▶ [Material for the task]:
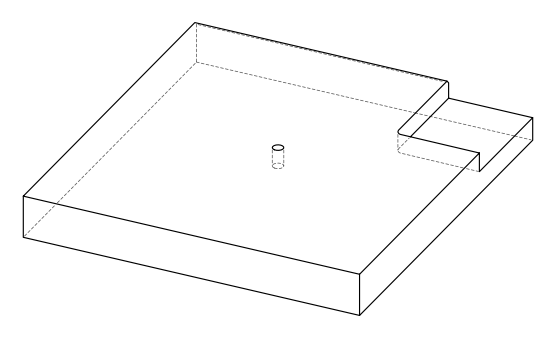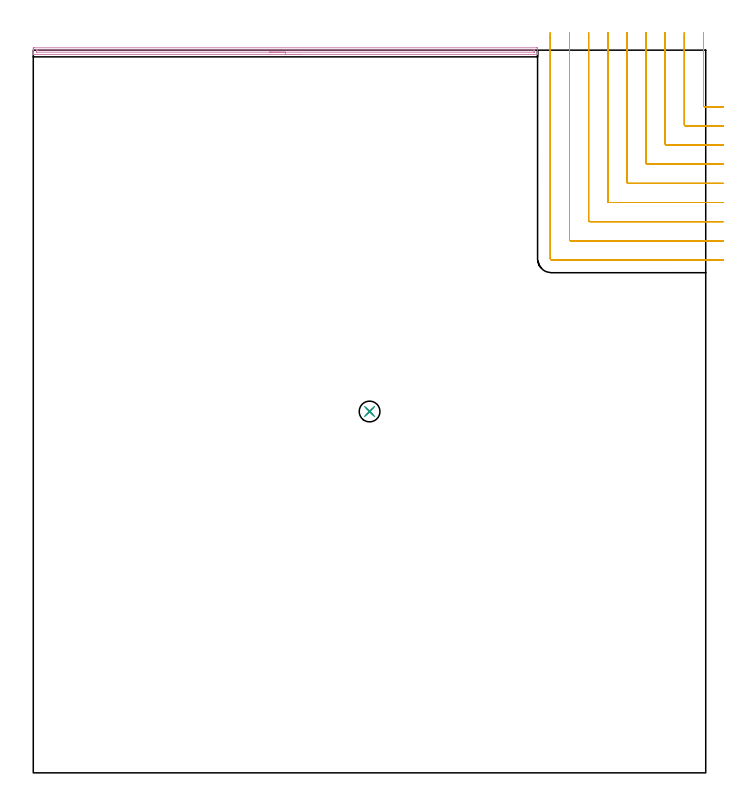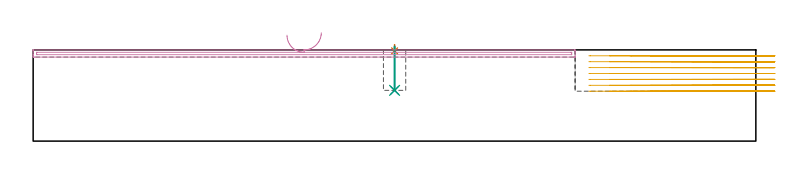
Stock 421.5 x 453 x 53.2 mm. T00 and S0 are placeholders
(PLAN: 5 operations, 4 tool changes, 26.7 min)
(1 SPOT_DRILL | STEP1POCKET | NXT0321_9005460120000 | 0.03 min | 2 mm3)
(2 DRILL_BLIND_HOLE_INTO_CENTER | STEP1POCKET | NXT0301_055 | 0.1 min | 1238 mm3)
(3 DRILL_TO_ENLARGE_BLIND_HOLE | STEP1POCKET | UGT0301_374 | 0.1 min | 1882 mm3)
(4 AREA_MILL | FG_CHAMFER_SURFACE | UGT0205_001 | 5.22 min | 2805 mm3)
(5 MILL_CORNER_NOTCH_RECTANGULAR | CORNER_NOTCH_RECTANGULAR | UGT0201_008 | Follow Part, ap 4, ae 75% | 21.24 min | 353963 mm3)
(TOOL NXT0321_9005460120000 | NC Spot Drill, 142deg, 12mm, Carbide, Uncoated | D12 PA142 FL30 Z2)
(TOOL NXT0301_055 | Carbide Drill 8.4mm [860.1-0840-042A1-MM 2214] | D8.4 PA140 FL61 Z2)
(TOOL UGT0301_374 | Twist Drill Flat Bottom 13 mm | D13 PA180 FL101 Z2)
(TOOL UGT0205_001 | Chamfer Mill 20 x 3 x 45 deg. | D20 FL50 Z2)
(TOOL UGT0201_008 | End Mill 16 mm | D16 FL32 Z4)
(OP 1 SPOT_DRILL)
G17 G21 G94 G90
T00 M6
G54
G17 G0 G90 X210.8 Y226.5 S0 M3
G43 Z63.2 H0
G94 G81 G98 Z52.64 F250. R56.2
G80
M5
M2
(OP 2 DRILL_BLIND_HOLE_INTO_CENTER)
G17 G21 G94 G90
T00 M6
G54
G17 G0 G90 X210.8 Y226.5 S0 M3
G43 Z63.2 H1
G94 G81 G98 Z29.6 F250. R55.2
G80
M5
M2
(OP 3 DRILL_TO_ENLARGE_BLIND_HOLE)
G17 G21 G94 G90
T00 M6
G54
G17 G0 G90 X210.8 Y226.5 S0 M3
G43 Z63.2 H0
G94 G81 G98 Z29.6 F250. R55.2
G80
M5
M2
(OP 4 AREA_MILL)
G17 G21 G94 G90
T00 M6
G54
G17 G0 G90 X168.05 Y450.3 S1061 M3
G43 Z63.2 H0
G94 G1 X168.012 Z62.328 F250.
X167.898 Z61.463
X167.709 Z60.612
X167.447 Z59.78
X167.113 Z58.974
X166.71 Z58.2
X166.242 Z57.464
X165.71 Z56.772
X165.121 Z56.129
X164.478 Z55.539
X163.786 Z55.008
X163.05 Z54.54
X162.276 Z54.137
X161.47 Z53.803
X160.638 Z53.541
X159.786 Z53.352
X158.922 Z53.238
X158.05 Z53.2
X0.186
X0.01 Y450.303 Z53.188
X0.002 Y450.444 Z53.048
X0. Y450.592 Z52.908
Y450.799 Z52.7
Y451.526 Z51.969
Y452.763 Z50.734
Y453.274 Z50.22
Y453.893 Z49.603
X0.003 Y454.149 Z49.347
X0.01 Y454.492 Z49.004
X0.276 Y454.497 Z49.
X0.633 Y454.5
X315.467
X315.824 Y454.497
X316.09 Y454.492 Z49.004
X316.1 Y454.149 Z49.347
Y451.526 Z51.969
Y450.799 Z52.7
Y450.592 Z52.908
X316.098 Y450.444 Z53.048
X316.09 Y450.303 Z53.188
X315.914 Y450.3 Z53.2
X158.05
Y451.714 Z51.786
X2.229 Y451.715 Z51.785
X2.063 Y451.716 Z51.784
X2.022 Y451.719 Z51.781
X2.01 Y451.721 Z51.779
X2.007 Y451.732 Z51.768
X2.003 Y451.768 Z51.732
X2. Y451.938 Z51.562
Y452.4 Z51.1
X2.001 Y452.812 Z50.688
X2.004 Y452.95 Z50.55
X2.01 Y453.059 Z50.441
X2.014 Y453.08 Z50.42
X2.028 Y453.081 Z50.419
X2.071 Y453.083 Z50.417
X2.422 Y453.085 Z50.415
X2.615 Y453.086 Z50.414
X313.871 Y453.085 Z50.415
X314.038 Y453.084 Z50.416
X314.078 Y453.081 Z50.419
X314.09 Y453.079 Z50.421
X314.093 Y453.068 Z50.432
X314.097 Y453.032 Z50.468
X314.1 Y452.862 Z50.638
Y452.4 Z51.1
X314.099 Y451.988 Z51.512
X314.096 Y451.85 Z51.65
X314.09 Y451.741 Z51.759
X314.086 Y451.72 Z51.78
X314.072 Y451.719 Z51.781
X314.029 Y451.717 Z51.783
X313.678 Y451.715 Z51.785
X313.485 Y451.714 Z51.786
X158.05
X157.178 Z51.824
X156.314 Z51.938
X155.462 Z52.126
X154.63 Z52.389
X153.824 Z52.723
X153.05 Z53.125
X152.314 Z53.594
X151.622 Z54.125
X150.979 Z54.715
X150.39 Z55.358
X149.858 Z56.05
X149.39 Z56.786
X148.987 Z57.56
X148.653 Z58.366
X148.391 Z59.198
X148.202 Z60.049
X148.088 Z60.914
X148.05 Z61.786
G0 Z63.2
M5
M2
(OP 5 MILL_CORNER_NOTCH_RECTANGULAR)
G17 G21 G94 G90
T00 M6
G54
G17 G0 G90 X420.1 Y464. S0 M3
G43 Z63.2 H0
Z49.757
G94 G1 Y461. F250.
Y418.293 F500.
G3 X420.893 Y417.5 R0.8
G1 X429.5
X432.5 F250.
G0 Z63.2
X408.1 Y464.
Z49.757
G1 Y461.
Y406.293 F500.
G3 X408.893 Y405.5 R0.8
G1 X429.5
X432.5 F250.
G0 Z63.2
X396.1 Y464.
Z49.757
G1 Y461.
Y394.294 F500.
G3 X396.894 Y393.5 R0.8
G1 X429.5
X432.5 F250.
G0 Z63.2
X384.1 Y464.
Z49.757
G1 Y461.
Y382.294 F500.
G3 X384.894 Y381.5 R0.8
G1 X429.5
X432.5 F250.
G0 Z63.2
X372.1 Y464.
Z49.757
G1 Y461.
Y370.294 F500.
G3 X372.894 Y369.5 R0.8
G1 X429.5
X432.5 F250.
G0 Z63.2
X360.1 Y464.
Z49.757
G1 Y461.
Y358.295 F500.
G3 X360.895 Y357.5 R0.8
G1 X429.5
X432.5 F250.
G0 Z63.2
X348.1 Y464.
Z49.757
G1 Y461.
Y346.295 F500.
G3 X348.895 Y345.5 R0.8
G1 X429.5
X432.5 F250.
G0 Z63.2
X336.1 Y464.
Z49.757
G1 Y461.
Y334.295 F500.
G3 X336.895 Y333.5 R0.8
G1 X429.5
X432.5 F250.
G0 Z63.2
X324.1 Y464.
Z49.757
G1 Y461.
Y322.296 F500.
G3 X324.896 Y321.5 R0.8
G1 X429.5
X432.5 F250.
G0 Z63.2
X420.1 Y464.
Z46.314
G1 Y461.
Y418.293 F500.
G3 X420.893 Y417.5 R0.8
G1 X429.5
X432.5 F250.
G0 Z63.2
X408.1 Y464.
Z46.314
G1 Y461.
Y406.293 F500.
G3 X408.893 Y405.5 R0.8
G1 X429.5
X432.5 F250.
G0 Z63.2
X396.1 Y464.
Z46.314
G1 Y461.
Y394.294 F500.
G3 X396.894 Y393.5 R0.8
G1 X429.5
X432.5 F250.
G0 Z63.2
X384.1 Y464.
Z46.314
G1 Y461.
Y382.294 F500.
G3 X384.894 Y381.5 R0.8
G1 X429.5
X432.5 F250.
G0 Z63.2
X372.1 Y464.
Z46.314
G1 Y461.
Y370.294 F500.
G3 X372.894 Y369.5 R0.8
G1 X429.5
X432.5 F250.
G0 Z63.2
X360.1 Y464.
Z46.314
G1 Y461.
Y358.295 F500.
G3 X360.895 Y357.5 R0.8
G1 X429.5
X432.5 F250.
G0 Z63.2
X348.1 Y464.
Z46.314
G1 Y461.
Y346.295 F500.
G3 X348.895 Y345.5 R0.8
G1 X429.5
X432.5 F250.
G0 Z63.2
X336.1 Y464.
Z46.314
G1 Y461.
Y334.295 F500.
G3 X336.895 Y333.5 R0.8
G1 X429.5
X432.5 F250.
G0 Z63.2
X324.1 Y464.
Z46.314
G1 Y461.
Y322.296 F500.
G3 X324.896 Y321.5 R0.8
G1 X429.5
X432.5 F250.
G0 Z63.2
X420.1 Y464.
Z42.871
G1 Y461.
Y418.293 F500.
G3 X420.893 Y417.5 R0.8
G1 X429.5
X432.5 F250.
G0 Z63.2
X408.1 Y464.
Z42.871
G1 Y461.
Y406.293 F500.
G3 X408.893 Y405.5 R0.8
G1 X429.5
X432.5 F250.
G0 Z63.2
X396.1 Y464.
Z42.871
G1 Y461.
Y394.294 F500.
G3 X396.894 Y393.5 R0.8
G1 X429.5
X432.5 F250.
G0 Z63.2
X384.1 Y464.
Z42.871
G1 Y461.
Y382.294 F500.
G3 X384.894 Y381.5 R0.8
G1 X429.5
X432.5 F250.
G0 Z63.2
X372.1 Y464.
Z42.871
G1 Y461.
Y370.294 F500.
G3 X372.894 Y369.5 R0.8
G1 X429.5
X432.5 F250.
G0 Z63.2
X360.1 Y464.
Z42.871
G1 Y461.
Y358.295 F500.
G3 X360.895 Y357.5 R0.8
G1 X429.5
X432.5 F250.
G0 Z63.2
X348.1 Y464.
Z42.871
G1 Y461.
Y346.295 F500.
G3 X348.895 Y345.5 R0.8
G1 X429.5
X432.5 F250.
G0 Z63.2
X336.1 Y464.
Z42.871
G1 Y461.
Y334.295 F500.
G3 X336.895 Y333.5 R0.8
G1 X429.5
X432.5 F250.
G0 Z63.2
X324.1 Y464.
Z42.871
G1 Y461.
Y322.296 F500.
G3 X324.896 Y321.5 R0.8
G1 X429.5
X432.5 F250.
G0 Z63.2
X420.1 Y464.
Z39.429
G1 Y461.
Y418.293 F500.
G3 X420.893 Y417.5 R0.8
G1 X429.5
X432.5 F250.
G0 Z63.2
X408.1 Y464.
Z39.429
G1 Y461.
Y406.293 F500.
G3 X408.893 Y405.5 R0.8
G1 X429.5
X432.5 F250.
G0 Z63.2
X396.1 Y464.
Z39.429
G1 Y461.
Y394.294 F500.
G3 X396.894 Y393.5 R0.8
G1 X429.5
X432.5 F250.
G0 Z63.2
X384.1 Y464.
Z39.429
G1 Y461.
Y382.294 F500.
G3 X384.894 Y381.5 R0.8
G1 X429.5
X432.5 F250.
G0 Z63.2
X372.1 Y464.
Z39.429
G1 Y461.
Y370.294 F500.
G3 X372.894 Y369.5 R0.8
G1 X429.5
X432.5 F250.
G0 Z63.2
X360.1 Y464.
Z39.429
G1 Y461.
Y358.295 F500.
G3 X360.895 Y357.5 R0.8
G1 X429.5
X432.5 F250.
G0 Z63.2
X348.1 Y464.
Z39.429
G1 Y461.
Y346.295 F500.
G3 X348.895 Y345.5 R0.8
G1 X429.5
X432.5 F250.
G0 Z63.2
X336.1 Y464.
Z39.429
G1 Y461.
Y334.295 F500.
G3 X336.895 Y333.5 R0.8
G1 X429.5
X432.5 F250.
G0 Z63.2
X324.1 Y464.
Z39.429
G1 Y461.
Y322.296 F500.
G3 X324.896 Y321.5 R0.8
G1 X429.5
X432.5 F250.
G0 Z63.2
X420.1 Y464.
Z35.986
G1 Y461.
Y418.293 F500.
G3 X420.893 Y417.5 R0.8
G1 X429.5
X432.5 F250.
G0 Z63.2
X408.1 Y464.
Z35.986
G1 Y461.
Y406.293 F500.
G3 X408.893 Y405.5 R0.8
G1 X429.5
X432.5 F250.
G0 Z63.2
X396.1 Y464.
Z35.986
G1 Y461.
Y394.294 F500.
G3 X396.894 Y393.5 R0.8
G1 X429.5
X432.5 F250.
G0 Z63.2
X384.1 Y464.
Z35.986
G1 Y461.
Y382.294 F500.
G3 X384.894 Y381.5 R0.8
G1 X429.5
X432.5 F250.
G0 Z63.2
X372.1 Y464.
Z35.986
G1 Y461.
Y370.294 F500.
G3 X372.894 Y369.5 R0.8
G1 X429.5
X432.5 F250.
G0 Z63.2
X360.1 Y464.
Z35.986
G1 Y461.
Y358.295 F500.
G3 X360.895 Y357.5 R0.8
G1 X429.5
X432.5 F250.
G0 Z63.2
X348.1 Y464.
Z35.986
G1 Y461.
Y346.295 F500.
G3 X348.895 Y345.5 R0.8
G1 X429.5
X432.5 F250.
G0 Z63.2
X336.1 Y464.
Z35.986
G1 Y461.
Y334.295 F500.
G3 X336.895 Y333.5 R0.8
G1 X429.5
X432.5 F250.
G0 Z63.2
X324.1 Y464.
Z35.986
G1 Y461.
Y322.296 F500.
G3 X324.896 Y321.5 R0.8
G1 X429.5
X432.5 F250.
G0 Z63.2
X420.1 Y464.
Z32.543
G1 Y461.
Y418.293 F500.
G3 X420.893 Y417.5 R0.8
G1 X429.5
X432.5 F250.
G0 Z63.2
X408.1 Y464.
Z32.543
G1 Y461.
Y406.293 F500.
G3 X408.893 Y405.5 R0.8
G1 X429.5
X432.5 F250.
G0 Z63.2
X396.1 Y464.
Z32.543
G1 Y461.
Y394.294 F500.
G3 X396.894 Y393.5 R0.8
G1 X429.5
X432.5 F250.
G0 Z63.2
X384.1 Y464.
Z32.543
G1 Y461.
Y382.294 F500.
G3 X384.894 Y381.5 R0.8
G1 X429.5
X432.5 F250.
G0 Z63.2
X372.1 Y464.
Z32.543
G1 Y461.
Y370.294 F500.
G3 X372.894 Y369.5 R0.8
G1 X429.5
X432.5 F250.
G0 Z63.2
X360.1 Y464.
Z32.543
G1 Y461.
Y358.295 F500.
G3 X360.895 Y357.5 R0.8
G1 X429.5
X432.5 F250.
G0 Z63.2
X348.1 Y464.
Z32.543
G1 Y461.
Y346.295 F500.
G3 X348.895 Y345.5 R0.8
G1 X429.5
X432.5 F250.
G0 Z63.2
X336.1 Y464.
Z32.543
G1 Y461.
Y334.295 F500.
G3 X336.895 Y333.5 R0.8
G1 X429.5
X432.5 F250.
G0 Z63.2
X324.1 Y464.
Z32.543
G1 Y461.
Y322.296 F500.
G3 X324.896 Y321.5 R0.8
G1 X429.5
X432.5 F250.
G0 Z63.2
X420.1 Y464.
Z29.1
G1 Y461.
Y418.293 F500.
G3 X420.893 Y417.5 R0.8
G1 X429.5
X432.5 F250.
G0 Z63.2
X408.1 Y464.
Z29.1
G1 Y461.
Y406.293 F500.
G3 X408.893 Y405.5 R0.8
G1 X429.5
X432.5 F250.
G0 Z63.2
X396.1 Y464.
Z29.1
G1 Y461.
Y394.294 F500.
G3 X396.894 Y393.5 R0.8
G1 X429.5
X432.5 F250.
G0 Z63.2
X384.1 Y464.
Z29.1
G1 Y461.
Y382.294 F500.
G3 X384.894 Y381.5 R0.8
G1 X429.5
X432.5 F250.
G0 Z63.2
X372.1 Y464.
Z29.1
G1 Y461.
Y370.294 F500.
G3 X372.894 Y369.5 R0.8
G1 X429.5
X432.5 F250.
G0 Z63.2
X360.1 Y464.
Z29.1
G1 Y461.
Y358.295 F500.
G3 X360.895 Y357.5 R0.8
G1 X429.5
X432.5 F250.
G0 Z63.2
X348.1 Y464.
Z29.1
G1 Y461.
Y346.295 F500.
G3 X348.895 Y345.5 R0.8
G1 X429.5
X432.5 F250.
G0 Z63.2
X336.1 Y464.
Z29.1
G1 Y461.
Y334.295 F500.
G3 X336.895 Y333.5 R0.8
G1 X429.5
X432.5 F250.
G0 Z63.2
X324.1 Y464.
Z29.1
G1 Y461.
Y322.296 F500.
G3 X324.896 Y321.5 R0.8
G1 X429.5
X432.5 F250.
G0 Z63.2
M5
M2

▶ [What the exercise asks]: Any pictures are to be skipped, and the lines from the beginning of the entries through the line with "(3 DRILL_TO_ENLARGE_BLIND_HOLE |" copied exactly.

▶ [Solution to the problem]:
Stock 421.5 x 453 x 53.2 mm. T00 and S0 are placeholders
(PLAN: 5 operations, 4 tool changes, 26.7 min)
(1 SPOT_DRILL | STEP1POCKET | NXT0321_9005460120000 | 0.03 min | 2 mm3)
(2 DRILL_BLIND_HOLE_INTO_CENTER | STEP1POCKET | NXT0301_055 | 0.1 min | 1238 mm3)
(3 DRILL_TO_ENLARGE_BLIND_HOLE | STEP1POCKET | UGT0301_374 | 0.1 min | 1882 mm3)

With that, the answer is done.